# Michelin camping tyres - anyone had a problem?



## StephandJohn (Sep 3, 2007)

In March 2012 we decided to replace the Michelin camping tyres on our Swift 590 as they were just over 5 years old. 5 tyres cost £780 which we considered worth it for peace of mind.

We keep the tyres at the correct pressures and have ensured that we move the van when in storage every 6 weeks or so to avoid flat spots, so the van has never stood for longer than this on the same spots on the tyres.

So, it was a shock when it went for a service and MOT to be informed that there were bulges on all 4 tyres on both sides of each tyre and we need to monitor them because if they get any bigger we will need to change them all.

They are all manufactured in February 2012. This does not seem right after only 2 years use.

Anyone else had problems with Michelin camping tyres?


----------



## rayc (Jun 3, 2008)

StephandJohn said:


> So, it was a shock when it went for a service and MOT to be informed that there were bulges on all 4 tyres on both sides of each tyre and we need to monitor them because if they get any bigger we will need to change them all.


Would someone looking at your MH instantly tell that they were bulging? If it were me I would take them to a tyre specialist for a second opinion.


----------



## drcotts (Feb 23, 2006)

They have been classed as dangerous by an MOT inspector so unless you think he may be having you at it you need to take his advice seriously.

I assume theresd no evidence of damage/cracking

Take the MOT fail to the supplier of the tyres and see what he says. They should be able to return them to Michelling for a report. It is very unusual to get a 4 tyres showing a fault so if they accuse you of any mistreatment this will stanf you in good stead.

I had new Michelling Agilis tyres fitted to my Autocruise a few years ago and approx 6 months later had a rear blow out on the A14

I returned the tyre to the retailer (Costco - who are very good) and they sent the tyre off to Michellin who issued a report. this said that the tyre had suffered inpact damage which i could not disprove so had to live with it.

So get yours seen asap.


----------



## deefordog (Dec 31, 2013)

Michelin are very understanding. I'm in the process of sending six Agilis tyres back to them, all manufactured in late 2007 but showing signs of sidewall cracking after 13k miles. Michelin have agreed to look at them and let me know. There however lies the problem.

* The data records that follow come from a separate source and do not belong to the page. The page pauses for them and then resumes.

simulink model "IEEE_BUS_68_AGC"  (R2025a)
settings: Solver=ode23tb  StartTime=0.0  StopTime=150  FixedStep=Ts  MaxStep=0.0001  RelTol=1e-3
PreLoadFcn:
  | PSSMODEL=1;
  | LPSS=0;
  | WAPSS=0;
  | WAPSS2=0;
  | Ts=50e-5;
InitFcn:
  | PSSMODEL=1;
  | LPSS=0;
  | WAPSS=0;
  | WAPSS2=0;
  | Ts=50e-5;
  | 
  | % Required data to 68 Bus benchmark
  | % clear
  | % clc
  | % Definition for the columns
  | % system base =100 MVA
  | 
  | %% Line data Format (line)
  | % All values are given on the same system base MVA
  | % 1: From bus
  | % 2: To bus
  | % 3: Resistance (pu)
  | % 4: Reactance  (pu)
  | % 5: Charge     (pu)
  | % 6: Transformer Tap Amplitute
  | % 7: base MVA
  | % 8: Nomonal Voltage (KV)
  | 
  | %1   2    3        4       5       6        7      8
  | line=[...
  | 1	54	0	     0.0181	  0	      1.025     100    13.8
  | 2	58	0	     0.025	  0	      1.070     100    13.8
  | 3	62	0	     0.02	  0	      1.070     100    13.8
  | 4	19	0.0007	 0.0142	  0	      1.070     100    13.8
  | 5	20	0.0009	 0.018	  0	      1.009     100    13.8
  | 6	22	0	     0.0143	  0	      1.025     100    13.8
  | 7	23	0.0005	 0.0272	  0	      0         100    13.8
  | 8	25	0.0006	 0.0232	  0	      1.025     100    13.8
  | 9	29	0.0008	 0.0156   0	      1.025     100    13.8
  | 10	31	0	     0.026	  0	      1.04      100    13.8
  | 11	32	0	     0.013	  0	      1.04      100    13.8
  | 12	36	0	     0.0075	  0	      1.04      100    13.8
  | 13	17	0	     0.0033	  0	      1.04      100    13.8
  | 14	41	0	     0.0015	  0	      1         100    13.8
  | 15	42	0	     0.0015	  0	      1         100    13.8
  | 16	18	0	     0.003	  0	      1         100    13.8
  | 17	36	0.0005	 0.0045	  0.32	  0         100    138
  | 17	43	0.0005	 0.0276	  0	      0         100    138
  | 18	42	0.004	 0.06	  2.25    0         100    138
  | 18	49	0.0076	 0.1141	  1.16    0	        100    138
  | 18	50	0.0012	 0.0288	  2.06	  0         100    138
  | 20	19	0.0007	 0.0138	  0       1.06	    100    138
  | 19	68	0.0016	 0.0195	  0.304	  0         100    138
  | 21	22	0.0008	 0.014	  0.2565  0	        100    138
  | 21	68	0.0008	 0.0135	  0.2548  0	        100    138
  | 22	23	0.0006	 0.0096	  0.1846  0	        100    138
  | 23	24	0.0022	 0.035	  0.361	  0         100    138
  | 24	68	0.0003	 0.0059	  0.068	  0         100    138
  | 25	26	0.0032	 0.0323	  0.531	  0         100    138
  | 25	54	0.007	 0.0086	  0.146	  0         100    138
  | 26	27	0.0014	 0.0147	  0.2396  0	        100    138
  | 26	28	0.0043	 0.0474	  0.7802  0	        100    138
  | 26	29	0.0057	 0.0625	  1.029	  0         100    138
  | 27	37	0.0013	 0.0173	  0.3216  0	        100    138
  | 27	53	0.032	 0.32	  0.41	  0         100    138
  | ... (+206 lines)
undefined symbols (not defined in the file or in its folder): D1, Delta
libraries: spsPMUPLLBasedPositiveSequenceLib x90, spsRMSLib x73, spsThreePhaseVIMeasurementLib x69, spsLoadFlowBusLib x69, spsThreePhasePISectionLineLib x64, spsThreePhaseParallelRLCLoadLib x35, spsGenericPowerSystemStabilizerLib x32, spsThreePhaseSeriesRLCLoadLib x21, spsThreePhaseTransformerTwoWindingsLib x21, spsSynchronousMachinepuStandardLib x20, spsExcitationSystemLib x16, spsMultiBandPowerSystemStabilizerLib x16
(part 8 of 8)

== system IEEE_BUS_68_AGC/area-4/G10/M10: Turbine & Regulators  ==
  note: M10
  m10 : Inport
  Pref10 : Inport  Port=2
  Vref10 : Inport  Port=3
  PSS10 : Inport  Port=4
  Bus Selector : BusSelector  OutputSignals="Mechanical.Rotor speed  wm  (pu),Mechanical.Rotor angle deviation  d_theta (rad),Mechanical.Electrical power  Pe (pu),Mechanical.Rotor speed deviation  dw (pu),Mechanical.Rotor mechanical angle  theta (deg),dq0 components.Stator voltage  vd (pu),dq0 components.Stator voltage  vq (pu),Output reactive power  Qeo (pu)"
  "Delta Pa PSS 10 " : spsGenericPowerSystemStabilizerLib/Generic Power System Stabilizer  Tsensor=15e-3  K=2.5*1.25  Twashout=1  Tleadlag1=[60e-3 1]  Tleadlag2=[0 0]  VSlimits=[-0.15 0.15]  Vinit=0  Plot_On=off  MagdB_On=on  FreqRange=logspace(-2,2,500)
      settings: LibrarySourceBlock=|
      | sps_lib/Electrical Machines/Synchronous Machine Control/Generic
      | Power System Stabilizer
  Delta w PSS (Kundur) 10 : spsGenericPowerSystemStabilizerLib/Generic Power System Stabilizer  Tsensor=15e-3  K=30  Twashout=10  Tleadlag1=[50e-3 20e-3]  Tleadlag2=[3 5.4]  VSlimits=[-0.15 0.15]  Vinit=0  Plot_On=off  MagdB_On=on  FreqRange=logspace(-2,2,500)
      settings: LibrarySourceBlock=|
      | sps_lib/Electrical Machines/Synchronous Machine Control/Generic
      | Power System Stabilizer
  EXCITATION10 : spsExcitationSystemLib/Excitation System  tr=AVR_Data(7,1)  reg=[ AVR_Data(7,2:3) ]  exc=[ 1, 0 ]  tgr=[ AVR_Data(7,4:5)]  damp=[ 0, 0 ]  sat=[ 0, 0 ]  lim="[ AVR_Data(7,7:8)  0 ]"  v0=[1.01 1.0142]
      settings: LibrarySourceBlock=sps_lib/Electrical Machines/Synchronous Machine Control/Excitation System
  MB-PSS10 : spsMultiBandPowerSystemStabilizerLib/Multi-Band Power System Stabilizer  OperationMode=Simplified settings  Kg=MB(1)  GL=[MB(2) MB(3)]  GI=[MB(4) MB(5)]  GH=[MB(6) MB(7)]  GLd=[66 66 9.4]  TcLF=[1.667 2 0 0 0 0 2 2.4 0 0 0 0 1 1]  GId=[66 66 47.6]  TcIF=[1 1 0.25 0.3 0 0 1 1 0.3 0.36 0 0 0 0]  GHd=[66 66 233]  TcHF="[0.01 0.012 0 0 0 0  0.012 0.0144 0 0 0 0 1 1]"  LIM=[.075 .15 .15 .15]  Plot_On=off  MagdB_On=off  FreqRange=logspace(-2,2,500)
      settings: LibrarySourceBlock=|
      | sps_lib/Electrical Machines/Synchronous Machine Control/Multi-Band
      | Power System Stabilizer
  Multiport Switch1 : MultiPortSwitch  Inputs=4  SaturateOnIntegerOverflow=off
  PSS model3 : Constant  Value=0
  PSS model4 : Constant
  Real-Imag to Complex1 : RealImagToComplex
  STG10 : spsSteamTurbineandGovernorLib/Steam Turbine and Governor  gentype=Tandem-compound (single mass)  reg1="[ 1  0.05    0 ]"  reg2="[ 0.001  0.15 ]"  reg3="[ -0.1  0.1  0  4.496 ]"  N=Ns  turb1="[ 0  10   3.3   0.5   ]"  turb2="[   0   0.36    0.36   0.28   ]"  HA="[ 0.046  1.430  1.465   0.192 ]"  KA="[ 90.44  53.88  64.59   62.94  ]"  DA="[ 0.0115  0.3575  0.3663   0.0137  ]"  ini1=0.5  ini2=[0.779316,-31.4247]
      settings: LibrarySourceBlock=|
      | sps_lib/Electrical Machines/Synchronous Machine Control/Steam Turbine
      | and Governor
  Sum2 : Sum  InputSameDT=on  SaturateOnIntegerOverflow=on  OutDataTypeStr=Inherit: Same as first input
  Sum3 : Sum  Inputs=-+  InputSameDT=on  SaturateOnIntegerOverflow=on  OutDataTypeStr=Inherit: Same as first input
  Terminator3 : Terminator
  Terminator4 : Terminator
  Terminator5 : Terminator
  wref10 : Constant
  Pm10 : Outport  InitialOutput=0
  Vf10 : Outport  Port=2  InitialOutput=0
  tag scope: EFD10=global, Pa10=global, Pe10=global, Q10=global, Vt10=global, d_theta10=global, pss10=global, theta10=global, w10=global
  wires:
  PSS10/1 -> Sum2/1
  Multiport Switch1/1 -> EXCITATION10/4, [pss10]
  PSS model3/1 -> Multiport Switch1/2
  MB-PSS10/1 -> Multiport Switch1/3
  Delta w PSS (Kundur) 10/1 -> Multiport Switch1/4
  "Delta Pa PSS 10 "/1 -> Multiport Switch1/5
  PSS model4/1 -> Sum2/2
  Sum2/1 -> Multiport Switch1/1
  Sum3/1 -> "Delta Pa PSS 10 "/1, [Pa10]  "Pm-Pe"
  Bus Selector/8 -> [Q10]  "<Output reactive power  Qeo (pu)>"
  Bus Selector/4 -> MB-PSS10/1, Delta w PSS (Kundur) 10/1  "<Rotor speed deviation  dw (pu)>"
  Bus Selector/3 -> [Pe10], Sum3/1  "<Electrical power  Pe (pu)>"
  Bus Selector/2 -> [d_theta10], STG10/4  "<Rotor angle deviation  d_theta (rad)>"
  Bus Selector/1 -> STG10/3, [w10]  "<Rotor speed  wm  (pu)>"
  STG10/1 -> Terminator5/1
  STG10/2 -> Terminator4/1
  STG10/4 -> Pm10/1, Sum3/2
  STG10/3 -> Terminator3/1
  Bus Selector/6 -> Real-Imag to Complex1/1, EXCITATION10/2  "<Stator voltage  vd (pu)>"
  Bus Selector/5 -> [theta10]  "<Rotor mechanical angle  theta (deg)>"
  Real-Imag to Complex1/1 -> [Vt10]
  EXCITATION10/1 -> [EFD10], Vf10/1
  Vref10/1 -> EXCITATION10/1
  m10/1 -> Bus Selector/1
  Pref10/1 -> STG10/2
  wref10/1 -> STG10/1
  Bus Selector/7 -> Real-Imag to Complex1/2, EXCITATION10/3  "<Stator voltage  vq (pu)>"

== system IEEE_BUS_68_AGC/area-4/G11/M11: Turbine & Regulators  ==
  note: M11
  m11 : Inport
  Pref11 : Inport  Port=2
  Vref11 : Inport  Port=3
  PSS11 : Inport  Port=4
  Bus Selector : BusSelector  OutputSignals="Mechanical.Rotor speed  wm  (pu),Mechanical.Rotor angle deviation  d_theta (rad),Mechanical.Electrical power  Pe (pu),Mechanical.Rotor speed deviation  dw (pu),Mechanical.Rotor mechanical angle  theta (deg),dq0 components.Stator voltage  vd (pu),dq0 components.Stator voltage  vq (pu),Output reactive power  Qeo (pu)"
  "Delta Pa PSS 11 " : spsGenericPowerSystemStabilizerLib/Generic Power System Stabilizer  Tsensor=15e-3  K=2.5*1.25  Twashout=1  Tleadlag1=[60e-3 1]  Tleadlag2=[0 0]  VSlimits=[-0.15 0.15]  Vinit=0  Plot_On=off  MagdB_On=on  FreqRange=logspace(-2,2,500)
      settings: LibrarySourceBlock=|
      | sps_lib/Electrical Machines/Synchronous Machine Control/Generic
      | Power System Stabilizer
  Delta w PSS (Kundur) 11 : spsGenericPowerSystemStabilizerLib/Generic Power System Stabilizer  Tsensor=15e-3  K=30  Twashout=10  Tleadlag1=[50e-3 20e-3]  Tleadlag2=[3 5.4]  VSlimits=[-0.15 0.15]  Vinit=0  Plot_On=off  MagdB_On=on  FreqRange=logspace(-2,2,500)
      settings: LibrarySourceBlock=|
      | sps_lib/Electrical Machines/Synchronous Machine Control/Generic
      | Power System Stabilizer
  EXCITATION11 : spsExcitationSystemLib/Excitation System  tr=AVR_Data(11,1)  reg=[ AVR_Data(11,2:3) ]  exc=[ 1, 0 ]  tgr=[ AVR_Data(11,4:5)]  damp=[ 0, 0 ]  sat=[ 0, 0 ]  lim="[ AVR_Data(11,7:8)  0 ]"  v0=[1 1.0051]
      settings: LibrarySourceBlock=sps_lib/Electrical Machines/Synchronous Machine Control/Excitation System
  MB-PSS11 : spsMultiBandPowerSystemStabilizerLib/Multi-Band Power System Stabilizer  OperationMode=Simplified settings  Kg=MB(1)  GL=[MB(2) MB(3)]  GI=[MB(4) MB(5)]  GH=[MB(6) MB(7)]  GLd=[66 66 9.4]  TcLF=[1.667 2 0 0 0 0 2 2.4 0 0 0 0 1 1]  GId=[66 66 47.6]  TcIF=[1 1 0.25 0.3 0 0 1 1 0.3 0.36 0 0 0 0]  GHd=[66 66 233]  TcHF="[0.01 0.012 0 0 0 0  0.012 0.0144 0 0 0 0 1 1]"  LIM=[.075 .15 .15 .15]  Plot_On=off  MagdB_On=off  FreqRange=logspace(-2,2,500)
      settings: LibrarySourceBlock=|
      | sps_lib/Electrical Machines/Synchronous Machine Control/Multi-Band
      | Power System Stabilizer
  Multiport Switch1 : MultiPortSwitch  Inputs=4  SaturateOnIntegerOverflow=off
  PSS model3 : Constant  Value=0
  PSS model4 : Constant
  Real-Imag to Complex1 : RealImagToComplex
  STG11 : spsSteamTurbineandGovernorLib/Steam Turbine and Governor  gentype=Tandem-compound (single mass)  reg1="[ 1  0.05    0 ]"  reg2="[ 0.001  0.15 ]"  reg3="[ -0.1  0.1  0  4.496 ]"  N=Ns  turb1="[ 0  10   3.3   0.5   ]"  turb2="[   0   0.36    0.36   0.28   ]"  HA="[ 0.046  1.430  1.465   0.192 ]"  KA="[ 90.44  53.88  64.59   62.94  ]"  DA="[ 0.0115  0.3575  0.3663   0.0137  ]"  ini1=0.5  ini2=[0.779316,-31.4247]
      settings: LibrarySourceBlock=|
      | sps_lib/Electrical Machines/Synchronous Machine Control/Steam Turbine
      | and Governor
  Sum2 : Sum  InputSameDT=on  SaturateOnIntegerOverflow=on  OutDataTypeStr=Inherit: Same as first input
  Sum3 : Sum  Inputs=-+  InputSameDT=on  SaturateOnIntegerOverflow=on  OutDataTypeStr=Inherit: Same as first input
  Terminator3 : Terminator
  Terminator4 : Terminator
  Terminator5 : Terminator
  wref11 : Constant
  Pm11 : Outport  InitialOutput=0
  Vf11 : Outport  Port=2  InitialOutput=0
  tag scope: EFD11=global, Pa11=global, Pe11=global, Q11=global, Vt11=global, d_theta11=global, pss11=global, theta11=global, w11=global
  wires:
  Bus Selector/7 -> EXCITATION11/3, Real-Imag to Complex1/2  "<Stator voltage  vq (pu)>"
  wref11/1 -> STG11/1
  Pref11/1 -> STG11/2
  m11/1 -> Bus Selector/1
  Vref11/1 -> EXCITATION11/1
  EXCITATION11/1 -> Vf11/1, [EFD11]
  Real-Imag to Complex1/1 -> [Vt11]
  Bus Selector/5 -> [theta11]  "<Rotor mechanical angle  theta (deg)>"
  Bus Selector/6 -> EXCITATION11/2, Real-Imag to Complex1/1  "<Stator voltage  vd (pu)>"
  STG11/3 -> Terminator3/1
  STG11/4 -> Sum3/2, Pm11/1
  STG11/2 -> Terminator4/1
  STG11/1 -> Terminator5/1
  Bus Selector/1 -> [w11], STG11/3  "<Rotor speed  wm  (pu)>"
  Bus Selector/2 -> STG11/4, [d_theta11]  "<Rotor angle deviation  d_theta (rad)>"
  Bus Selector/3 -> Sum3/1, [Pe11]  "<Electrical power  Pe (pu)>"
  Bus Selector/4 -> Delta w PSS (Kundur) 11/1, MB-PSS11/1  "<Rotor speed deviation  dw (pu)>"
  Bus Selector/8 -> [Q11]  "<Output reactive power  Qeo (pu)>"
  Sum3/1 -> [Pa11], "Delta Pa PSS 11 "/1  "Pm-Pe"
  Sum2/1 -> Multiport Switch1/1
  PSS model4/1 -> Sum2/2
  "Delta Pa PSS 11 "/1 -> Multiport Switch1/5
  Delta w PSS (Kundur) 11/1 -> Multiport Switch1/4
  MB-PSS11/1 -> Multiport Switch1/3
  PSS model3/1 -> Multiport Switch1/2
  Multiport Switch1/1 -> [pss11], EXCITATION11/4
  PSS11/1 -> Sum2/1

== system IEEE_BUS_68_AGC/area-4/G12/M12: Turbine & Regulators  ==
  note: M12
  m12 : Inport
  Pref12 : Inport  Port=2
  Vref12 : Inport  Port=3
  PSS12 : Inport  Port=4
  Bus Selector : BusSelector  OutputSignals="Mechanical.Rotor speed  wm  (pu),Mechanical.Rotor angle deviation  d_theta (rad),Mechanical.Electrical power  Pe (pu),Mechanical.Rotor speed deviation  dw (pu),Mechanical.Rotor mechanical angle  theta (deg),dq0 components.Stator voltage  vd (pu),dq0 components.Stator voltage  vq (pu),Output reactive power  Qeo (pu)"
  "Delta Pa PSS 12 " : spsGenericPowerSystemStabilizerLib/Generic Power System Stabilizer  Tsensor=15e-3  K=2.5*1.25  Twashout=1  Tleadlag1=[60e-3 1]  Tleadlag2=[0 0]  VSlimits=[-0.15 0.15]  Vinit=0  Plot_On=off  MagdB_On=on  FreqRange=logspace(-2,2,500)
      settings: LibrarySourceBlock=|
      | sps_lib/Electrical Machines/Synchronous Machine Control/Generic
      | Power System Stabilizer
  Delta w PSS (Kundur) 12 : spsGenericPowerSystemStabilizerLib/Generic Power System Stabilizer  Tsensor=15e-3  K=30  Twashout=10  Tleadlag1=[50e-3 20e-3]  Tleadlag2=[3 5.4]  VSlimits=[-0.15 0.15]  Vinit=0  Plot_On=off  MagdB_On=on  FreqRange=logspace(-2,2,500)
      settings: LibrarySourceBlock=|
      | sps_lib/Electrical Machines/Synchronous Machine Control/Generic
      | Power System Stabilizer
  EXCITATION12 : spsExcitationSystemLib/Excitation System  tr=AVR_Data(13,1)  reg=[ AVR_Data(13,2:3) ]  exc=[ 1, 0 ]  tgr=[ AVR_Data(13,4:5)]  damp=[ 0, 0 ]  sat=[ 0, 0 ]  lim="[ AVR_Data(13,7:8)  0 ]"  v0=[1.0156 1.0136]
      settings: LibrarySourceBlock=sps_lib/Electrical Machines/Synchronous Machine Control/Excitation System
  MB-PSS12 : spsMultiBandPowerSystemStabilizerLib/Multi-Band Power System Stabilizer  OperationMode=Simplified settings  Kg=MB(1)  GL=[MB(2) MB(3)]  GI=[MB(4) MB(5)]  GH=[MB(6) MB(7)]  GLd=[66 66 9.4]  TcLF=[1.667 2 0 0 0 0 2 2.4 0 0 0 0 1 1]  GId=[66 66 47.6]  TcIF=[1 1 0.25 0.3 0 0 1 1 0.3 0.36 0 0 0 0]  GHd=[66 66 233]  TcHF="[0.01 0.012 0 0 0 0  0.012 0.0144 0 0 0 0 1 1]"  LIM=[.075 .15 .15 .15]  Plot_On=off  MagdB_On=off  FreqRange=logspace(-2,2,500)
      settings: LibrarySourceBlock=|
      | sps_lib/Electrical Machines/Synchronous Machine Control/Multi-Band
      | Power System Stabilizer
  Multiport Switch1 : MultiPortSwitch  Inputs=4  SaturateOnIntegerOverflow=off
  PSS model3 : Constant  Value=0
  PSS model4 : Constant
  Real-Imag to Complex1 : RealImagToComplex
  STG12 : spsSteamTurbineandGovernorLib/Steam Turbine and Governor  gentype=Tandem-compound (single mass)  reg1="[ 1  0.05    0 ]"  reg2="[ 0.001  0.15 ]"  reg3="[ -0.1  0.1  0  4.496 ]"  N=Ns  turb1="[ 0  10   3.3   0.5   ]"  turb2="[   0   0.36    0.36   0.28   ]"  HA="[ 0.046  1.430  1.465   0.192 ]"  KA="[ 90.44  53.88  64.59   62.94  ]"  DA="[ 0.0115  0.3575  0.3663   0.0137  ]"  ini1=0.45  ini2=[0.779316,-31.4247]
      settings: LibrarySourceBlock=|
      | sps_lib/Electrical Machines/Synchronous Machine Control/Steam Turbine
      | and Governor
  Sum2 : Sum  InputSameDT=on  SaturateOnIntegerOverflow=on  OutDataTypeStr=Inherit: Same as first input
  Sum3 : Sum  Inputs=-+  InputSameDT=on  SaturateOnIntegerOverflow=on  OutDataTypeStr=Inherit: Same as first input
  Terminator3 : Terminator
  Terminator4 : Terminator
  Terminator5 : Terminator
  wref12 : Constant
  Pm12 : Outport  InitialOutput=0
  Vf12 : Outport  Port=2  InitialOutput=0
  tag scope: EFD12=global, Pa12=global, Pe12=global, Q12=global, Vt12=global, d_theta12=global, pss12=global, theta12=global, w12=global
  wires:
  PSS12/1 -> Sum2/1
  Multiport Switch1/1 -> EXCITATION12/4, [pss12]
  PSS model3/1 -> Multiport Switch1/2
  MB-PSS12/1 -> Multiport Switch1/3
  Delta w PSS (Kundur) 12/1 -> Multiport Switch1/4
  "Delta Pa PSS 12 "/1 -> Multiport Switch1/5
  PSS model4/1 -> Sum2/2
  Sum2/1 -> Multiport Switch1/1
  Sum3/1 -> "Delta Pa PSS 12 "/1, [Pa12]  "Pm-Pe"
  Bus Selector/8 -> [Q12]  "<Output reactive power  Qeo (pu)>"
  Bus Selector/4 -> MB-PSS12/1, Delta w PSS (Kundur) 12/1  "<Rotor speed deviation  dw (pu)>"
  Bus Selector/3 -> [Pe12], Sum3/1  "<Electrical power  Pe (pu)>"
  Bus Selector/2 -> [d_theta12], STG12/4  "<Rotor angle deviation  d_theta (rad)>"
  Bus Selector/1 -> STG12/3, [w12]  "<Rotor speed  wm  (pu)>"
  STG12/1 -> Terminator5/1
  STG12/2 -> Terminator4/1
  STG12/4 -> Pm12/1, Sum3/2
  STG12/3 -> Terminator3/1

In order to send tyres back, you have to follow what's laid down in BTMA warranty procedure http://www.btmauk.com/data/files/Consumer guide to tyre warranty complaint process 30 May 2012.pdf

So you need to return to the supplying tyre dealer but as they send them away, you'll need to get more tyres in the interim period - catch 22? In our case, we've been told to return them to the company who supplied the tyres when the MH was built. Original supplying dealer (Brownhills) doesn't want to know, neither do Swift, Fiat or Alko. Will now have to go to a local Michelin dealer who hopefully will take up our case in return for a cut of whatever we get back, if anything.


----------



## StephandJohn (Sep 3, 2007)

Thanks for advice. It passed the MOT and the bulges are not really obvious until they were marked by our service engineer. When you know where they are they become more visible. There is no other damage or wear to the tyre walls. I guess we will just have to monitor them. Will try contacting Michelin but it's easy for them to say we left the van standing too long (when we didn't) and even if they agree to have them sent back for inspection, as you say, we still have to replace them.
Will buy another make next time, although these are supposed to be top of the range.


----------



## listerdiesel (Aug 3, 2012)

If there are bulges in the sidewall, I'd have them off immediately with no further use on the road..

Bulges are usually caused by air getting between the layers of reinforcing/rubber in the sidewall, causing the distortion you can see.

I really would not go anywhere with them like that, no matter what the cost. A blowout and/or an accident could easily be the result.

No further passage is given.